This is about not even trying durability before returning a result ("Commit-to-disk on a single system is [...] unnecessary") it's hoping that servers won't crash and restart together: some might fail but others will eventually commit. However that assumes a subset of random (uncoordinated) hardware failures, maybe a cosmic ray blasts the ssd controller. That's fine, but it fails to account for coordinated failure where, a particular workload leads to the same overflow scenario on all servers the same. They all acknowledge the writes to the client but then all crash and restart.

To some extent the only way around that is to use non-uniform hardware though.

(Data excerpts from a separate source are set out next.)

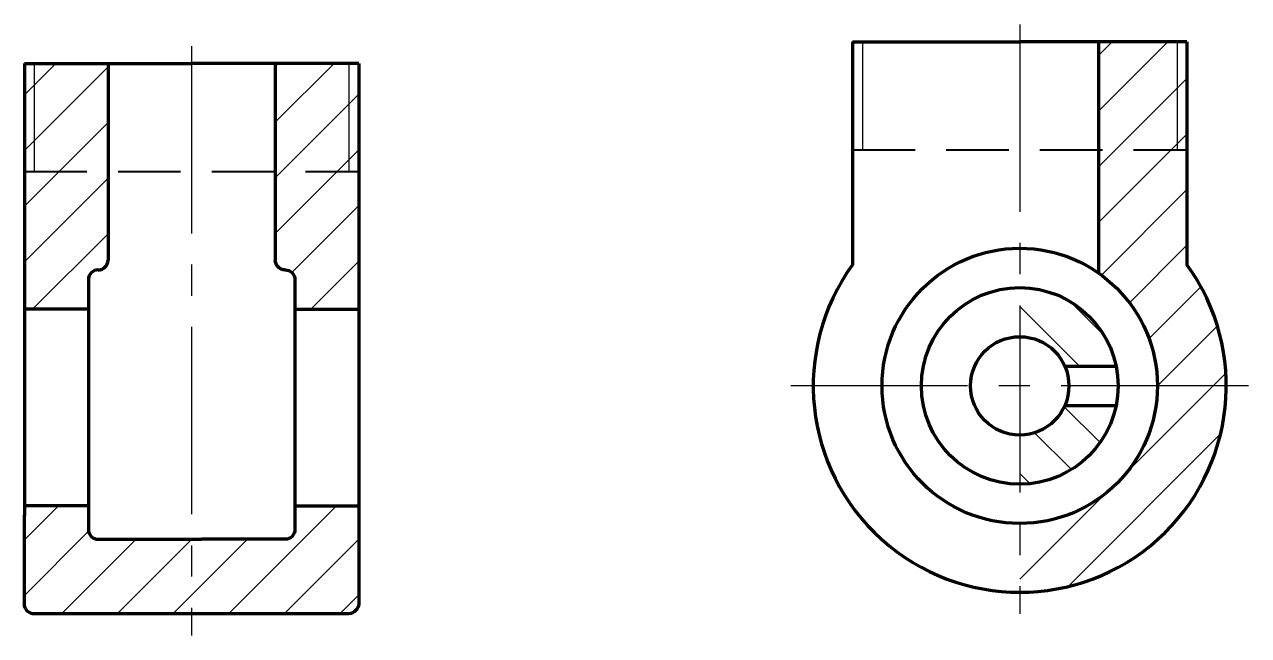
# Model space of a CAD drawing. Header units: millimetres. Extents: x 0 to 1684, y -281 to 297.
# Drawn here: x 1559.9 to 1684.3, y -281 to -218.8 of the extents above.
import ezdxf

# ---------------------------------------------------------------- set-up
doc = ezdxf.new("R2010")
doc.units = ezdxf.units.MM
doc.linetypes.add('CENTER2', pattern=[28.575000000000003, 19.05, -3.175, 3.175, -3.175])
doc.linetypes.add('DASHED2', pattern=[9.524999999999999, 6.35, -3.175])
for name, color, linetype, lineweight in [('HIDE', 4, 'DASHED2', 40), ('OSN', 3, 'Continuous', 80), ('OSY', 2, 'CENTER2', 30), ('TONK', 1, 'Continuous', 30)]:
    doc.layers.add(name, color=color, linetype=linetype, lineweight=lineweight)

msp = doc.modelspace()

# ---------------------------------------------------------------- hatches: boundary and pattern name
at = {"layer": 'TONK'}
h = msp.add_hatch(dxfattribs=at)
h.set_pattern_fill('', color=256, scale=4, angle=45, pattern_type=0)
h.set_pattern_definition([(45, (1468.468460679219, -456.5637845984227), (-2.82842712474619, 2.82842712474619), [])])
edge = h.paths.add_edge_path()
edge.add_line((1678.085260702851, -231.6004340800065), (1678.085260702851, -243.2716060740685))
edge.add_arc((1661.085260702851, -255.6004340800065), 21, 0, 35.95056761961784)
edge.add_line((1682.085260702851, -255.6004340800065), (1675.085260702851, -255.6004340800065))
edge.add_arc((1661.085260702851, -255.6004340800065), 14, 0, 55.15009542095351)
edge.add_line((1669.085260702851, -231.6004340800065), (1669.085260702851, -244.1113087869304))
edge.add_line((1669.085260702851, -231.6004340800065), (1677.085260702851, -231.6004340800065))
edge.add_line((1677.085260702851, -231.6004340800065), (1678.085260702851, -231.6004340800065))
edge = h.paths.add_edge_path()
edge.add_line((1682.085260702851, -255.6004340800065), (1675.085260702851, -255.6004340800065))
edge.add_arc((1661.085260702851, -255.6004340800065), 21, 270, 360)
edge.add_line((1661.085260702851, -269.6004340800065), (1661.085260702851, -276.6004340800065))
edge.add_arc((1661.085260702851, -255.6004340800065), 14, 269.9999999999999, 360)
edge = h.paths.add_edge_path()
edge.add_line((1669.085260702851, -220.6004340800065), (1669.085260702851, -231.6004340800065))
edge.add_line((1677.085260702851, -220.6004340800065), (1669.085260702851, -220.6004340800065))
edge.add_line((1677.085260702851, -220.6004340800065), (1677.085260702851, -231.6004340800065))
edge.add_line((1669.085260702851, -231.6004340800065), (1677.085260702851, -231.6004340800065))
edge = h.paths.add_edge_path()
edge.add_line((1677.085260702851, -231.6004340800065), (1678.085260702851, -231.6004340800065))
edge.add_line((1677.085260702851, -220.6004340800065), (1677.085260702851, -231.6004340800065))
edge.add_line((1678.085260702851, -220.6004340800065), (1677.085260702851, -220.6004340800065))
edge.add_line((1678.085260702851, -220.6004340800065), (1678.085260702851, -231.6004340800065))
h = msp.add_hatch(dxfattribs=at)
h.set_pattern_fill('', color=256, scale=4, angle=45, pattern_type=0)
h.set_pattern_definition([(45, (1462.875210271013, -458.7620611233107), (-2.82842712474619, 2.82842712474619), [])])
edge = h.paths.add_edge_path()
edge.add_line((1560.874628651698, -222.7987106048946), (1560.874628651698, -233.7987106048946))
edge.add_line((1559.874628651698, -233.7987106048945), (1560.874628651698, -233.7987106048945))
edge.add_line((1559.874628651698, -233.7987106048945), (1559.874628651698, -222.7987106048945))
edge.add_line((1560.874628651698, -222.7987106048946), (1559.874628651698, -222.7987106048946))
edge = h.paths.add_edge_path()
edge.add_line((1560.874628651698, -233.7987106048945), (1568.374628651698, -233.7987106048945))
edge.add_line((1568.374628651698, -233.7987106048945), (1568.374628651698, -242.7987106048945))
edge.add_arc((1567.374628651698, -242.7987106048946), 0.9999999999999716, 269.9999999999992, 360.0000000000016)
edge.add_arc((1567.374628651698, -244.7987106048945), 0.9999999999999716, 89.99999999999919, 180.0000000000016)
edge.add_line((1566.374628651698, -244.7987106048945), (1566.374628651698, -247.7987106048945))
edge.add_line((1566.374628651698, -247.7987106048945), (1559.874628651698, -247.7987106048945))
edge.add_line((1559.874628651698, -247.7987106048945), (1559.874628651698, -233.7987106048945))
edge.add_line((1559.874628651698, -233.7987106048945), (1560.874628651698, -233.7987106048945))
edge = h.paths.add_edge_path()
edge.add_line((1593.874628651698, -222.7987106048946), (1592.874628651698, -222.7987106048946))
edge.add_line((1593.874628651698, -222.7987106048946), (1593.874628651698, -233.7987106048946))
edge.add_line((1592.874628651698, -233.7987106048945), (1593.874628651698, -233.7987106048945))
edge.add_line((1592.874628651698, -222.7987106048946), (1592.874628651698, -233.7987106048946))
edge = h.paths.add_edge_path()
edge.add_line((1592.874628651698, -233.7987106048945), (1593.874628651698, -233.7987106048945))
edge.add_line((1593.874628651698, -233.7987106048945), (1593.874628651698, -247.7987106048945))
edge.add_line((1587.374628651698, -247.7987106048945), (1593.874628651698, -247.7987106048945))
edge.add_line((1587.374628651698, -244.7987106048945), (1587.374628651698, -247.7987106048945))
edge.add_arc((1586.374628651698, -244.7987106048945), 0.9999999999999858, 359.9999999999984, 450.0000000000008)
edge.add_arc((1586.374628651698, -242.7987106048946), 0.9999999999999858, 179.9999999999984, 270.0000000000008)
edge.add_line((1585.374628651698, -233.7987106048945), (1585.374628651698, -242.7987106048945))
edge.add_line((1585.374628651698, -233.7987106048945), (1592.874628651698, -233.7987106048945))
edge = h.paths.add_edge_path()
edge.add_arc((1592.691295318365, -277.6153772715612), 1.197450996445677, 278.8067926944332, 351.1932073055668)
edge.add_line((1592.874628651698, -278.7987106048945), (1576.874628651698, -278.7987106048945))
edge.add_line((1576.874628651698, -271.2058894160242), (1576.874628651698, -278.7987106048945))
edge.add_line((1586.374628651698, -271.2058894160242), (1576.874628651698, -271.2058894160242))
edge.add_arc((1586.391439017887, -270.2226997822135), 0.9833333333332868, 269.0204644527542, 360.9795355471978)
edge.add_line((1587.374628651698, -267.7987106048945), (1587.374628651698, -270.2058894160246))
edge.add_line((1587.374628651698, -267.7987106048945), (1593.874628651698, -267.7987106048945))
edge.add_arc((1593.874628651698, -268.2819002387052), 0.4831896338107384, 270, 450)
edge.add_line((1593.874628651698, -268.765089872516), (1593.874628651698, -268.7987106048945))
edge.add_line((1593.874628651698, -268.7987106048945), (1593.874628651698, -277.7987106048945))
edge = h.paths.add_edge_path()
edge.add_line((1559.874628651698, -268.7987106048943), (1559.874628651698, -268.7650898725165))
edge.add_line((1559.874628651698, -268.7650898725165), (1559.874628651698, -267.7987106048945))
edge.add_line((1566.374628651698, -267.7987106048945), (1559.874628651698, -267.7987106048945))
edge.add_line((1566.374628651698, -267.7987106048945), (1566.374628651698, -270.2058894160246))
edge.add_arc((1567.357818285509, -270.2226997822135), 0.9833333333333426, 179.0204644528056, 270.9795355472417)
edge.add_line((1576.874628651698, -271.2058894160242), (1567.374628651699, -271.2058894160242))
edge.add_line((1576.874628651698, -271.2058894160242), (1576.874628651698, -278.7987106048945))
edge.add_line((1576.874628651698, -278.7987106048945), (1560.874628651699, -278.7987106048945))
edge.add_arc((1560.857818285509, -277.8155209710837), 0.9833333333333426, 179.0204644528056, 270.9795355472417)
edge.add_line((1559.874628651698, -277.7987106048949), (1559.874628651698, -268.7987106048943))
edge = h.paths.add_edge_path()
edge.add_line((1560.874628651698, -222.7987106048946), (1560.874628651698, -233.7987106048946))
edge.add_line((1568.374628651698, -222.7987106048946), (1560.874628651698, -222.7987106048946))
edge.add_line((1568.374628651698, -222.7987106048946), (1568.374628651698, -233.7987106048946))
edge.add_line((1560.874628651698, -233.7987106048945), (1568.374628651698, -233.7987106048945))
edge = h.paths.add_edge_path()
edge.add_line((1592.874628651698, -222.7987106048946), (1592.874628651698, -233.7987106048946))
edge.add_line((1585.374628651698, -233.7987106048945), (1592.874628651698, -233.7987106048945))
edge.add_line((1585.374628651698, -222.7987106048946), (1585.374628651698, -233.7987106048946))
edge.add_line((1592.874628651698, -222.7987106048946), (1585.374628651698, -222.7987106048946))
h = msp.add_hatch(dxfattribs=at)
h.set_pattern_fill('', color=256, scale=4, angle=315, pattern_type=0)
h.set_pattern_definition([(315, (1468.468460679219, -456.5637845984227), (2.828427124746191, 2.828427124746189), [])])
edge = h.paths.add_edge_path()
edge.add_arc((1661.085260702851, -255.6004340800065), 5, 270.0000000000001, 336.4218215217987)
edge.add_line((1665.667836397806, -257.6004340800065), (1670.883219673983, -257.6004340800065))
edge.add_arc((1661.085260702851, -255.6004340800065), 10, 270.0000000000001, 348.4630409671844)
edge.add_line((1661.085260702851, -260.6004340800065), (1661.085260702851, -265.6004340800065))
edge = h.paths.add_edge_path()
edge.add_arc((1661.085260702851, -255.6004340800065), 10, 11.53695903281552, 89.99999999999997)
edge.add_line((1665.667836397806, -253.6004340800065), (1670.883219673983, -253.6004340800065))
edge.add_arc((1661.085260702851, -255.6004340800065), 5, 23.57817847820129, 89.99999999999997)
edge.add_line((1661.085260702851, -245.6004340800065), (1661.085260702851, -250.6004340800065))

# ---------------------------------------------------------------- linework, layer by layer
at = {"layer": 'HIDE'}
for p, q in [((1644.085260702851, -231.6004340800065), (1678.085260702851, -231.6004340800065)), ((1559.874628651698, -233.7987106048945), (1593.874628651698, -233.7987106048945))]:
    msp.add_line(p, q, dxfattribs=at)
at = {"layer": 'OSN'}
for p, q in [((1644.085260702851, -220.6004340800065), (1644.085260702851, -243.2716060740686)), ((1644.085260702851, -220.6004340800065), (1661.085260702851, -220.6004340800065)), ((1678.085260702851, -220.6004340800065), (1661.085260702851, -220.6004340800065)), ((1678.085260702851, -220.6004340800065), (1669.085260702851, -220.6004340800065)), ((1669.085260702851, -220.6004340800065), (1669.085260702851, -244.1113087869304)), ((1678.085260702851, -220.6004340800065), (1678.085260702851, -243.2716060740686)), ((1559.874628651698, -222.7987106048946), (1559.874628651698, -268.7987106048945)), ((1559.874628651698, -222.7987106048946), (1576.874628651698, -222.7987106048946)), ((1568.374628651698, -222.7987106048946), (1568.374628651698, -242.7987106048945)), ((1593.874628651698, -222.7987106048946), (1576.874628651698, -222.7987106048946)), ((1585.374628651698, -222.7987106048946), (1585.374628651698, -242.7987106048945)), ((1593.874628651698, -222.7987106048946), (1593.874628651698, -268.7987106048945)), ((1566.374628651698, -244.7987106048945), (1566.374628651698, -267.7987106048945)), ((1587.374628651698, -244.7987106048945), (1587.374628651698, -267.7987106048945)), ((1566.374628651698, -247.7987106048945), (1559.874628651698, -247.7987106048945)), ((1587.374628651698, -247.7987106048945), (1593.874628651698, -247.7987106048945)), ((1665.667836397806, -253.6004340800065), (1670.883219673983, -253.6004340800065)), ((1665.667836397806, -257.6004340800065), (1670.883219673983, -257.6004340800065)), ((1566.374628651698, -267.7987106048945), (1559.874628651698, -267.7987106048945)), ((1587.374628651698, -267.7987106048945), (1593.874628651698, -267.7987106048945))]:
    msp.add_line(p, q, dxfattribs=at)
for points in [[(1593.874628651698, -268.765089872517, -0.008548268426216834), (1593.874628651698, -268.7987106048945), (1593.874628651698, -277.7987106048945, -0.3267847727840812), (1592.874628651698, -278.7987106048945), (1560.874628651698, -278.7987106048945, -0.4242640687119229), (1559.874628651698, -277.7987106048945), (1559.874628651698, -268.7987106048945, -0.008548268426043407), (1559.874628651698, -268.7650898725163)], [(1566.374628651698, -267.7987106048945), (1566.374628651698, -270.2058894160242, 0.4242640687119229), (1567.374628651698, -271.2058894160242), (1577.874628651698, -271.2058894160242)], [(1587.374628651698, -267.7987106048945), (1587.374628651698, -270.2058894160242, -0.4242640687119229), (1586.374628651698, -271.2058894160242), (1577.874628651698, -271.2058894160242)]]:
    msp.add_lwpolyline(points, format="xyb", dxfattribs=at)
for radius in [14, 10, 5]:
    msp.add_circle((1661.085260702851, -255.6004340800065), radius, dxfattribs=at)
for centre, radius, start, end in [((1567.374628651698, -244.7987106048945), 1, 90, 180), ((1567.374628651698, -242.7987106048945), 1, 270, 0), ((1661.085260702851, -255.6004340800065), 21, 144.0494323803823, 35.95056761961775)]:
    msp.add_arc(centre, radius, start, end, dxfattribs=at)
at = {"layer": 'OSN', "extrusion": (0, 0, -1)}
for centre, start, end in [((-1586.374628651698, -242.7987106048945), 270, 0), ((-1586.374628651698, -244.7987106048945), 90, 180)]:
    msp.add_arc(centre, 1, start, end, dxfattribs=at)
at = {"layer": 'OSY'}
for p, q in [((1661.085260702851, -218.8340233184198), (1661.085260702851, -278.7987106048945)), ((1576.874628651698, -221.0322998433078), (1576.874628651698, -280.9969871297826)), ((1684.349512138686, -255.6004340800065), (1637.802842467728, -255.6004340800065))]:
    msp.add_line(p, q, dxfattribs=at)
at = {"layer": 'TONK'}
for p, q in [((1645.085260702851, -220.6004340800065), (1645.085260702851, -226.5194205107881)), ((1645.085260702851, -220.6004340800065), (1645.085260702851, -231.6004340800065)), ((1677.085260702851, -220.6004340800065), (1677.085260702851, -231.6004340800065)), ((1560.874628651698, -222.7987106048946), (1560.874628651698, -228.7176970356761)), ((1560.874628651698, -222.7987106048946), (1560.874628651698, -233.7987106048945)), ((1592.874628651698, -222.7987106048946), (1592.874628651698, -233.7987106048945))]:
    msp.add_line(p, q, dxfattribs=at)

doc.saveas('drawing.dxf')

Suppose you have each server commit the data "to disk" but it's really a RAID controller with a battery-backed write cache or enterprise SSD with a DRAM cache and an internal capacitor to flush the cache on power failure. If they're all the same model and you find a usage pattern that will crash the firmware before it does the write, you lose the data. It's little different than having the storage node do it. If the code has a bug and they all run the same code then they all run the same bug.

Yeah good point, at least if you wait till you get an acknowledgement for the fsync on N nodes it's already in an a lot better position. Maybe overkill but you can also read the back the data and reverify the checksum. But yeah in general you make a good point, I think that's why some folks deliberately use different drive models and/or raid controllers to avoid cases like that.